I smile at my choices: sun-dried tomatoes and caramelised onions, thin slices of leftover steak and discs of chorizo, sautéed spinach and crispy potatoes, jalapeños and sour cream.
My breakfast burritos taste heavenly. I had thought making two of them seemed greedy but after several hours of hard hiking, they barely seem enough to sate my hunger, quite honestly.
We discuss the remainder of the hike, how gruelling it will be, especially for first timers. Yet the veterans promise us it will all be worth it once we arrive at Laguna de Los Tres.
One of the guides quipped, “But we also call it Heaven’s Lake. You’ll know why when you get there.”
Time for us to get up, carry our backpacks once more and continue. It gets colder. The path gets harder. There is a desire to mimic a child at the backseat of a car on a long road trip and whine “Are we there yet?” every other minute but we all resist the temptation.
We will be there soon enough.
Soon it gets foggy and the going, tough as it has become, gets even tougher. The rocks are slippery, a mix of rain water and treacherous ice. Eventually some of us resort to using our hands to steady ourselves, finding purchase where we can.
But then, the mists part. We are there. Laguna de Los Tres. Heaven’s Lake.
The three soaring peaks in the mountainous backdrop. And the bluest water you can imagine, this close to the heavens.
As we approach the lake, the colour reveals itself to be more of a milky blue-green, due to the mineral deposits. Much of the startling blue we see from the distance is indeed sky blue; a reflection of clear blue sky on the surface of the lake.

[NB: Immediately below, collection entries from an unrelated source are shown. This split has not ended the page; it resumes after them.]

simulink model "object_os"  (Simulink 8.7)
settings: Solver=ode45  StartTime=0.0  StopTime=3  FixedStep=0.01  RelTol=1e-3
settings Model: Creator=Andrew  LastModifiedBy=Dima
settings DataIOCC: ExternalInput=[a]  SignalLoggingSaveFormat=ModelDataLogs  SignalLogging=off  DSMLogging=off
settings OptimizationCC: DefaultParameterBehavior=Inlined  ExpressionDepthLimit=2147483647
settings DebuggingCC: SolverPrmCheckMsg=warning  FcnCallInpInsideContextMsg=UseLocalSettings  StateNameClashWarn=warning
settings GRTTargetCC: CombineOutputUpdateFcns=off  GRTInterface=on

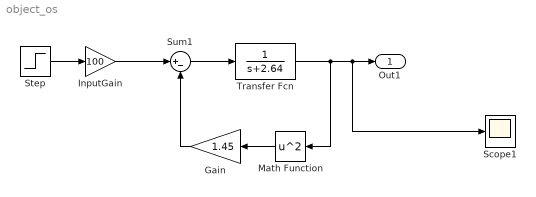
== system object_os ==
  Gain : Gain  Gain=1.45
  InputGain : Gain  Gain=100
  Math Function : Math  Operator=square  SaturateOnIntegerOverflow=on
  Scope1 : Scope
  Step : Step  Time=0.01  Before=1  After=0  SampleTime=0
  Sum1 : Sum  Inputs=|+-
  Transfer Fcn : TransferFcn  Denominator=[1 2.64]
  Out1 : Outport
  wires:
  Transfer Fcn/1 -> Math Function/1, Scope1/1, Out1/1
  Sum1/1 -> Transfer Fcn/1
  Math Function/1 -> Gain/1
  Gain/1 -> Sum1/2
  InputGain/1 -> Sum1/1
  Step/1 -> InputGain/1

Another stop, a longer one this time as we have reached our destination. To celebrate, a second lunch (or teatime, if you will).
I refuel with some cold pasta salad; this keeps for longer than the burritos that I had stuffed with sour cream. (Though, with the low temperatures, I reckon it’s the tropical lad in me worrying too much about food spoiling.)
There’s no need to bring our own water; we have been taught to look out for natural springs and streams. Just refill our empty drinking bottles and tumblers. It doesn’t get cleaner and more refreshing than this.
The same could be said of the view. And all the more beautiful for a full belly, I assure you!